Ataques en Magdeburgo: la cautela como arma Ruth Ferrero-Turrión
Mitos, pantanos y presas
No había llegado la dana a su apogeo ni las cifras arrojaban su enorme caudal de muertos cuando comenzaron a circular por redes los habituales bulos y mensajes de desinformación. El ruido señalaba el camino de la responsabilidad: los otros. En un sentido lo más genérico y amplio posible, fuera de toda coordenada espacio-temporal que permitiera explicar la que estaba sucediendo. Pronto aparecieron los verdaderos culpables, los otros de hoy, los ecologistas y defensores del cambio climático, por quitar las presas de ayer, las que mandó construir el propio Franco. Una vez más, el mito del salvador, constructor, vencedor del comunismo y de la pertinaz sequía, resurgía para ser utilizado en un clima enquistado por la polarización y en el que la pérdida de vidas humanas parecía no importar lo más mínimo.
La estrategia no es nueva; ya fue usada por la propia oficina de propaganda nacional durante la guerra civil: hacer circular un mensaje sobre la población civil al inicio de una gran ofensiva; prometer la vuelta a la normalidad al tiempo que se ordenaba el mayor castigo aéreo que habían visto los hombres; después, negarlo todo, echar la culpa a los otros, al enemigo.
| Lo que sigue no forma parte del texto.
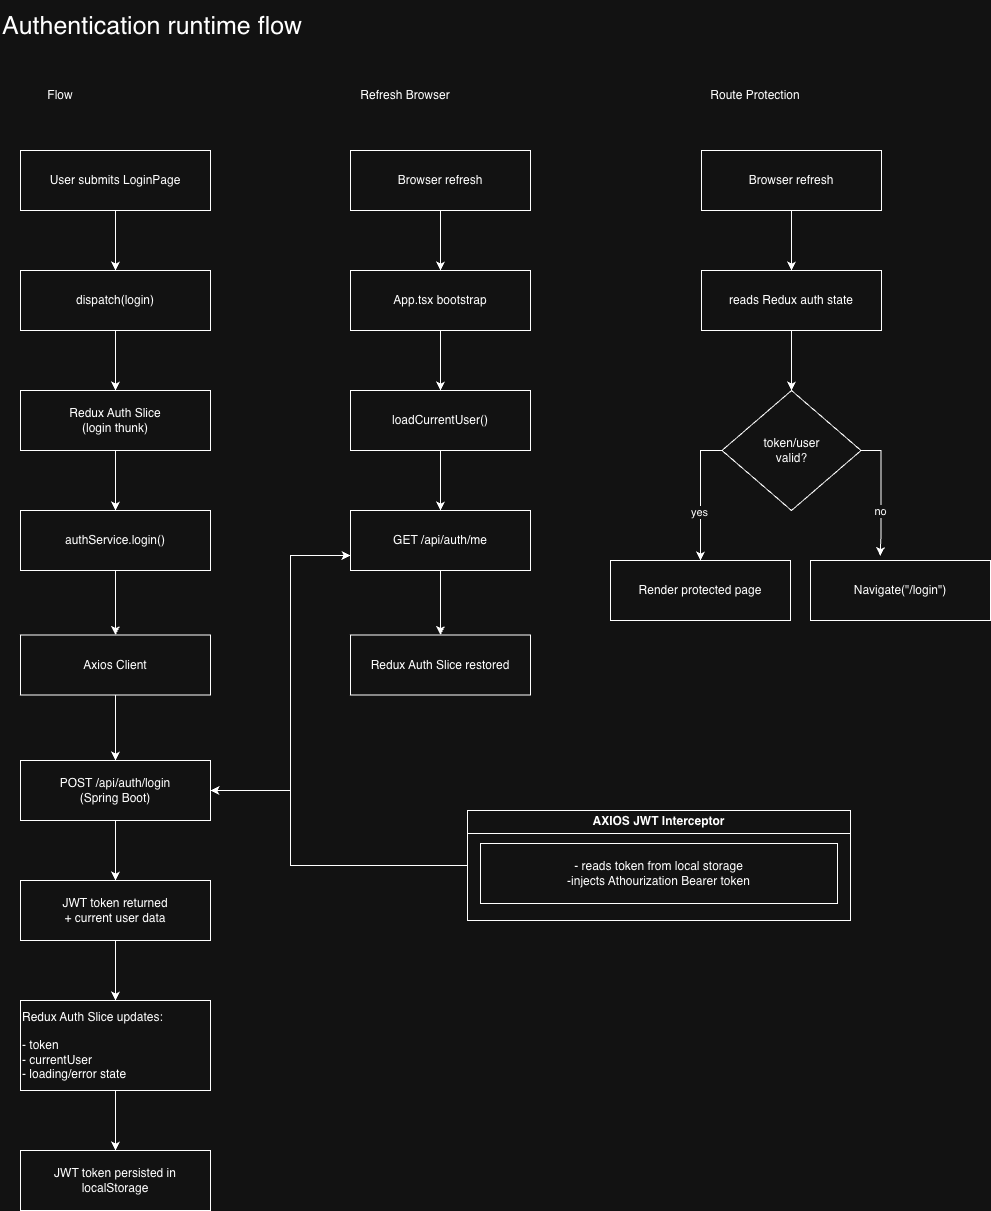

The diagram above was exported from draw.io. Its source (the exported page's mxGraphModel, read from the mxfile embedded in the PNG):
<mxGraphModel dx="1138" dy="1907" grid="1" gridSize="10" guides="1" tooltips="1" connect="1" arrows="1" fold="1" page="1" pageScale="1" pageWidth="827" pageHeight="1169" math="0" shadow="0">
  <root>
    <mxCell id="0" />
    <mxCell id="1" parent="0" />
    <mxCell id="Jm9cE93z712rkjmmxMf2-40" edge="1" parent="1" source="Jm9cE93z712rkjmmxMf2-1" style="edgeStyle=orthogonalEdgeStyle;rounded=0;orthogonalLoop=1;jettySize=auto;html=1;" target="Jm9cE93z712rkjmmxMf2-2" value="">
      <mxGeometry relative="1" as="geometry" />
    </mxCell>
    <mxCell id="Jm9cE93z712rkjmmxMf2-1" parent="1" style="rounded=0;whiteSpace=wrap;html=1;" value="User submits LoginPage" vertex="1">
      <mxGeometry height="60" width="190" x="380" y="70" as="geometry" />
    </mxCell>
    <mxCell id="Jm9cE93z712rkjmmxMf2-41" edge="1" parent="1" source="Jm9cE93z712rkjmmxMf2-2" style="edgeStyle=orthogonalEdgeStyle;rounded=0;orthogonalLoop=1;jettySize=auto;html=1;" target="Jm9cE93z712rkjmmxMf2-3" value="">
      <mxGeometry relative="1" as="geometry" />
    </mxCell>
    <mxCell id="Jm9cE93z712rkjmmxMf2-2" parent="1" style="rounded=0;whiteSpace=wrap;html=1;" value="dispatch(login)" vertex="1">
      <mxGeometry height="60" width="190" x="380" y="190" as="geometry" />
    </mxCell>
    <mxCell id="Jm9cE93z712rkjmmxMf2-42" edge="1" parent="1" source="Jm9cE93z712rkjmmxMf2-3" style="edgeStyle=orthogonalEdgeStyle;rounded=0;orthogonalLoop=1;jettySize=auto;html=1;" target="Jm9cE93z712rkjmmxMf2-4" value="">
      <mxGeometry relative="1" as="geometry" />
    </mxCell>
    <mxCell id="Jm9cE93z712rkjmmxMf2-3" parent="1" style="rounded=0;whiteSpace=wrap;html=1;" value="Redux Auth Slice&lt;div&gt;(login thunk)&lt;/div&gt;" vertex="1">
      <mxGeometry height="60" width="190" x="380" y="310" as="geometry" />
    </mxCell>
    <mxCell id="Jm9cE93z712rkjmmxMf2-43" edge="1" parent="1" source="Jm9cE93z712rkjmmxMf2-4" style="edgeStyle=orthogonalEdgeStyle;rounded=0;orthogonalLoop=1;jettySize=auto;html=1;" target="Jm9cE93z712rkjmmxMf2-5" value="">
      <mxGeometry relative="1" as="geometry" />
    </mxCell>
    <mxCell id="Jm9cE93z712rkjmmxMf2-4" parent="1" style="rounded=0;whiteSpace=wrap;html=1;" value="authService.login()" vertex="1">
      <mxGeometry height="60" width="190" x="380" y="430" as="geometry" />
    </mxCell>
    <mxCell id="Jm9cE93z712rkjmmxMf2-44" edge="1" parent="1" source="Jm9cE93z712rkjmmxMf2-5" style="edgeStyle=orthogonalEdgeStyle;rounded=0;orthogonalLoop=1;jettySize=auto;html=1;" target="Jm9cE93z712rkjmmxMf2-6" value="">
      <mxGeometry relative="1" as="geometry" />
    </mxCell>
    <mxCell id="Jm9cE93z712rkjmmxMf2-5" parent="1" style="rounded=0;whiteSpace=wrap;html=1;" value="Axios Client" vertex="1">
      <mxGeometry height="60" width="190" x="380" y="554.5" as="geometry" />
    </mxCell>
    <mxCell id="Jm9cE93z712rkjmmxMf2-45" edge="1" parent="1" source="Jm9cE93z712rkjmmxMf2-6" style="edgeStyle=orthogonalEdgeStyle;rounded=0;orthogonalLoop=1;jettySize=auto;html=1;" target="Jm9cE93z712rkjmmxMf2-7" value="">
      <mxGeometry relative="1" as="geometry" />
    </mxCell>
    <mxCell id="Jm9cE93z712rkjmmxMf2-6" parent="1" style="rounded=0;whiteSpace=wrap;html=1;" value="POST /api/auth/login&lt;div&gt;(Spring Boot)&lt;/div&gt;" vertex="1">
      <mxGeometry height="60" width="190" x="380" y="680" as="geometry" />
    </mxCell>
    <mxCell id="Jm9cE93z712rkjmmxMf2-46" edge="1" parent="1" source="Jm9cE93z712rkjmmxMf2-7" style="edgeStyle=orthogonalEdgeStyle;rounded=0;orthogonalLoop=1;jettySize=auto;html=1;" target="Jm9cE93z712rkjmmxMf2-8" value="">
      <mxGeometry relative="1" as="geometry" />
    </mxCell>
    <mxCell id="Jm9cE93z712rkjmmxMf2-7" parent="1" style="rounded=0;whiteSpace=wrap;html=1;align=center;" value="JWT token returned&lt;div&gt;+ current user data&lt;/div&gt;" vertex="1">
      <mxGeometry height="60" width="190" x="380" y="800" as="geometry" />
    </mxCell>
    <mxCell id="Jm9cE93z712rkjmmxMf2-47" edge="1" parent="1" source="Jm9cE93z712rkjmmxMf2-8" style="edgeStyle=orthogonalEdgeStyle;rounded=0;orthogonalLoop=1;jettySize=auto;html=1;" target="Jm9cE93z712rkjmmxMf2-10" value="">
      <mxGeometry relative="1" as="geometry" />
    </mxCell>
    <mxCell id="Jm9cE93z712rkjmmxMf2-8" parent="1" style="rounded=0;whiteSpace=wrap;html=1;align=left;" value="Redux Auth Slice updates:&lt;div&gt;&lt;br&gt;&lt;div&gt;- token&lt;/div&gt;&lt;div&gt;- currentUser&lt;/div&gt;&lt;div&gt;- loading/error state&lt;/div&gt;&lt;/div&gt;" vertex="1">
      <mxGeometry height="90" width="190" x="380" y="920" as="geometry" />
    </mxCell>
    <mxCell id="Jm9cE93z712rkjmmxMf2-10" parent="1" style="rounded=0;whiteSpace=wrap;html=1;align=center;" value="JWT token persisted in localStorage" vertex="1">
      <mxGeometry height="60" width="190" x="380" y="1070" as="geometry" />
    </mxCell>
    <mxCell id="Jm9cE93z712rkjmmxMf2-12" parent="1" style="text;html=1;whiteSpace=wrap;strokeColor=none;fillColor=none;align=center;verticalAlign=middle;rounded=0;" value="Flow" vertex="1">
      <mxGeometry height="30" width="60" x="390" as="geometry" />
    </mxCell>
    <mxCell id="Jm9cE93z712rkjmmxMf2-13" parent="1" style="text;html=1;whiteSpace=wrap;strokeColor=none;fillColor=none;align=center;verticalAlign=middle;rounded=0;" value="Refresh Browser" vertex="1">
      <mxGeometry height="30" width="110" x="710" as="geometry" />
    </mxCell>
    <mxCell id="Jm9cE93z712rkjmmxMf2-34" edge="1" parent="1" source="Jm9cE93z712rkjmmxMf2-14" style="edgeStyle=orthogonalEdgeStyle;rounded=0;orthogonalLoop=1;jettySize=auto;html=1;exitX=0.5;exitY=1;exitDx=0;exitDy=0;entryX=0.5;entryY=0;entryDx=0;entryDy=0;" target="Jm9cE93z712rkjmmxMf2-15">
      <mxGeometry relative="1" as="geometry" />
    </mxCell>
    <mxCell id="Jm9cE93z712rkjmmxMf2-14" parent="1" style="rounded=0;whiteSpace=wrap;html=1;" value="Browser refresh" vertex="1">
      <mxGeometry height="60" width="180" x="710" y="70" as="geometry" />
    </mxCell>
    <mxCell id="Jm9cE93z712rkjmmxMf2-35" edge="1" parent="1" source="Jm9cE93z712rkjmmxMf2-15" style="edgeStyle=orthogonalEdgeStyle;rounded=0;orthogonalLoop=1;jettySize=auto;html=1;exitX=0.5;exitY=1;exitDx=0;exitDy=0;entryX=0.5;entryY=0;entryDx=0;entryDy=0;" target="Jm9cE93z712rkjmmxMf2-16">
      <mxGeometry relative="1" as="geometry" />
    </mxCell>
    <mxCell id="Jm9cE93z712rkjmmxMf2-15" parent="1" style="rounded=0;whiteSpace=wrap;html=1;" value="App.tsx bootstrap" vertex="1">
      <mxGeometry height="60" width="180" x="710" y="190" as="geometry" />
    </mxCell>
    <mxCell id="Jm9cE93z712rkjmmxMf2-36" edge="1" parent="1" source="Jm9cE93z712rkjmmxMf2-16" style="edgeStyle=orthogonalEdgeStyle;rounded=0;orthogonalLoop=1;jettySize=auto;html=1;exitX=0.5;exitY=1;exitDx=0;exitDy=0;entryX=0.5;entryY=0;entryDx=0;entryDy=0;" target="Jm9cE93z712rkjmmxMf2-17">
      <mxGeometry relative="1" as="geometry" />
    </mxCell>
    <mxCell id="Jm9cE93z712rkjmmxMf2-16" parent="1" style="rounded=0;whiteSpace=wrap;html=1;" value="loadCurrentUser()" vertex="1">
      <mxGeometry height="60" width="180" x="710" y="310" as="geometry" />
    </mxCell>
    <mxCell id="Jm9cE93z712rkjmmxMf2-37" edge="1" parent="1" source="Jm9cE93z712rkjmmxMf2-17" style="edgeStyle=orthogonalEdgeStyle;rounded=0;orthogonalLoop=1;jettySize=auto;html=1;" target="Jm9cE93z712rkjmmxMf2-18" value="">
      <mxGeometry relative="1" as="geometry" />
    </mxCell>
    <mxCell id="Jm9cE93z712rkjmmxMf2-17" parent="1" style="rounded=0;whiteSpace=wrap;html=1;" value="GET /api/auth/me" vertex="1">
      <mxGeometry height="60" width="180" x="710" y="430" as="geometry" />
    </mxCell>
    <mxCell id="Jm9cE93z712rkjmmxMf2-18" parent="1" style="rounded=0;whiteSpace=wrap;html=1;" value="Redux Auth Slice restored" vertex="1">
      <mxGeometry height="60" width="180" x="710" y="554.5" as="geometry" />
    </mxCell>
    <mxCell id="Jm9cE93z712rkjmmxMf2-21" parent="1" style="text;html=1;whiteSpace=wrap;strokeColor=none;fillColor=none;align=center;verticalAlign=middle;rounded=0;" value="Route Protection" vertex="1">
      <mxGeometry height="30" width="110" x="1060" as="geometry" />
    </mxCell>
    <mxCell id="Jm9cE93z712rkjmmxMf2-33" edge="1" parent="1" source="Jm9cE93z712rkjmmxMf2-22" style="edgeStyle=orthogonalEdgeStyle;rounded=0;orthogonalLoop=1;jettySize=auto;html=1;exitX=0.5;exitY=1;exitDx=0;exitDy=0;entryX=0.5;entryY=0;entryDx=0;entryDy=0;" target="Jm9cE93z712rkjmmxMf2-23">
      <mxGeometry relative="1" as="geometry" />
    </mxCell>
    <mxCell id="Jm9cE93z712rkjmmxMf2-22" parent="1" style="rounded=0;whiteSpace=wrap;html=1;" value="Browser refresh" vertex="1">
      <mxGeometry height="60" width="180" x="1061" y="70" as="geometry" />
    </mxCell>
    <mxCell id="Jm9cE93z712rkjmmxMf2-32" edge="1" parent="1" source="Jm9cE93z712rkjmmxMf2-23" style="edgeStyle=orthogonalEdgeStyle;rounded=0;orthogonalLoop=1;jettySize=auto;html=1;exitX=0.5;exitY=1;exitDx=0;exitDy=0;entryX=0.5;entryY=0;entryDx=0;entryDy=0;" target="Jm9cE93z712rkjmmxMf2-25">
      <mxGeometry relative="1" as="geometry" />
    </mxCell>
    <mxCell id="Jm9cE93z712rkjmmxMf2-23" parent="1" style="rounded=0;whiteSpace=wrap;html=1;" value="reads Redux auth state" vertex="1">
      <mxGeometry height="60" width="180" x="1061" y="190" as="geometry" />
    </mxCell>
    <mxCell id="Jm9cE93z712rkjmmxMf2-28" edge="1" parent="1" source="Jm9cE93z712rkjmmxMf2-25" style="edgeStyle=orthogonalEdgeStyle;rounded=0;orthogonalLoop=1;jettySize=auto;html=1;exitX=0;exitY=0.5;exitDx=0;exitDy=0;" target="Jm9cE93z712rkjmmxMf2-26">
      <mxGeometry relative="1" as="geometry" />
    </mxCell>
    <mxCell id="Jm9cE93z712rkjmmxMf2-29" connectable="0" parent="Jm9cE93z712rkjmmxMf2-28" style="edgeLabel;html=1;align=center;verticalAlign=middle;resizable=0;points=[];" value="yes" vertex="1">
      <mxGeometry relative="1" x="0.2533" y="-2" as="geometry">
        <mxPoint as="offset" />
      </mxGeometry>
    </mxCell>
    <mxCell id="Jm9cE93z712rkjmmxMf2-25" parent="1" style="rhombus;whiteSpace=wrap;html=1;" value="token/user&lt;div&gt;valid?&lt;/div&gt;" vertex="1">
      <mxGeometry height="120" width="139" x="1081.5" y="310" as="geometry" />
    </mxCell>
    <mxCell id="Jm9cE93z712rkjmmxMf2-26" parent="1" style="rounded=0;whiteSpace=wrap;html=1;" value="Render protected page" vertex="1">
      <mxGeometry height="60" width="180" x="970" y="480" as="geometry" />
    </mxCell>
    <mxCell id="Jm9cE93z712rkjmmxMf2-27" parent="1" style="rounded=0;whiteSpace=wrap;html=1;" value="Navigate(&quot;/login&quot;)" vertex="1">
      <mxGeometry height="60" width="180" x="1170" y="480" as="geometry" />
    </mxCell>
    <mxCell id="Jm9cE93z712rkjmmxMf2-30" edge="1" parent="1" source="Jm9cE93z712rkjmmxMf2-25" style="edgeStyle=orthogonalEdgeStyle;rounded=0;orthogonalLoop=1;jettySize=auto;html=1;exitX=1;exitY=0.5;exitDx=0;exitDy=0;entryX=0.387;entryY=-0.076;entryDx=0;entryDy=0;entryPerimeter=0;" target="Jm9cE93z712rkjmmxMf2-27">
      <mxGeometry relative="1" as="geometry" />
    </mxCell>
    <mxCell id="Jm9cE93z712rkjmmxMf2-31" connectable="0" parent="Jm9cE93z712rkjmmxMf2-30" style="edgeLabel;html=1;align=center;verticalAlign=middle;resizable=0;points=[];" value="no" vertex="1">
      <mxGeometry relative="1" x="0.27" y="-1" as="geometry">
        <mxPoint as="offset" />
      </mxGeometry>
    </mxCell>
    <mxCell id="Jm9cE93z712rkjmmxMf2-52" edge="1" parent="1" source="Jm9cE93z712rkjmmxMf2-49" style="edgeStyle=orthogonalEdgeStyle;rounded=0;orthogonalLoop=1;jettySize=auto;html=1;exitX=0;exitY=0.5;exitDx=0;exitDy=0;entryX=0;entryY=0.75;entryDx=0;entryDy=0;" target="Jm9cE93z712rkjmmxMf2-17">
      <mxGeometry relative="1" as="geometry">
        <Array as="points">
          <mxPoint x="650" y="785" />
          <mxPoint x="650" y="475" />
        </Array>
      </mxGeometry>
    </mxCell>
    <mxCell id="Jm9cE93z712rkjmmxMf2-53" edge="1" parent="1" source="Jm9cE93z712rkjmmxMf2-49" style="edgeStyle=orthogonalEdgeStyle;rounded=0;orthogonalLoop=1;jettySize=auto;html=1;exitX=0;exitY=0.5;exitDx=0;exitDy=0;entryX=1;entryY=0.5;entryDx=0;entryDy=0;" target="Jm9cE93z712rkjmmxMf2-6">
      <mxGeometry relative="1" as="geometry">
        <Array as="points">
          <mxPoint x="650" y="785" />
          <mxPoint x="650" y="710" />
        </Array>
      </mxGeometry>
    </mxCell>
    <mxCell id="Jm9cE93z712rkjmmxMf2-49" parent="1" style="swimlane;whiteSpace=wrap;html=1;" value="AXIOS JWT Interceptor" vertex="1">
      <mxGeometry height="110" width="383" x="827" y="730" as="geometry" />
    </mxCell>
    <mxCell id="Jm9cE93z712rkjmmxMf2-51" parent="Jm9cE93z712rkjmmxMf2-49" style="whiteSpace=wrap;html=1;" value="- reads token from local storage&lt;div&gt;-injects Athourization Bearer token&lt;/div&gt;" vertex="1">
      <mxGeometry height="60" width="357" x="13" y="33" as="geometry" />
    </mxCell>
    <mxCell id="pJH23pevtlNdw1uzfImK-1" parent="1" style="text;html=1;whiteSpace=wrap;strokeColor=none;fillColor=none;align=left;verticalAlign=middle;rounded=0;" value="&lt;font style=&quot;font-size: 25px;&quot;&gt;Authentication runtime flow&lt;/font&gt;" vertex="1">
      <mxGeometry height="50" width="450" x="360" y="-80" as="geometry" />
    </mxCell>
  </root>
</mxGraphModel>

Esas fueron algunas de las pautas principales que manejaron con gran habilidad las agencias de radio y prensa franquistas. Forman parte ya de un legado aprendido, de una escuela que no descansa y que tiene a ambos lados del Atlántico una nueva estrategia de comunicación con la desinformación y la vuelta al pasado en su centro neurálgico. Un doble negacionismo puesto en marcha con éxito desde la pandemia que sigue arrasando Europa. Porque, detrás de los pantanos, detrás de la inmigración y de los refugiados, el gran mantra de la extrema derecha de todos los tiempos, se proyecta el mito del buen dictador capaz de garantizar el orden y la paz, la seguridad y el pleno empleo. La utilización del pasado, su reducción a dos realidades enfrentadas, es una táctica usada desde hace tiempo en varios países. Alternativa para Alemania (AfD) ha utilizado la partición y la ocupación del país tras la derrota alemana para crecer en la antigua Alemania del Este, donde la extrema derecha inició su repunte al calor de las crisis de refugiados de la guerra de Siria. En Holanda han replicado la táctica con excelentes resultados. En Francia se asumen abiertamente los lemas de Vichy y del colaboracionismo con los nazis, cuando no hace mucho ese tipo de eslóganes eran un delito. En Italia, la primera ministra se ha reivindicado como sucesora directa del neofascismo al tiempo que ha proyectado una deportación hacia Albania de extranjeros ilegales, en una referencia sin tapujos a la Europa concentracionaria. Y es imposible olvidar la imagen del asalto al Congreso de Estados Unidos, coronado por una bandera confederada que Trump viene usando de nuevo en su carrera electoral.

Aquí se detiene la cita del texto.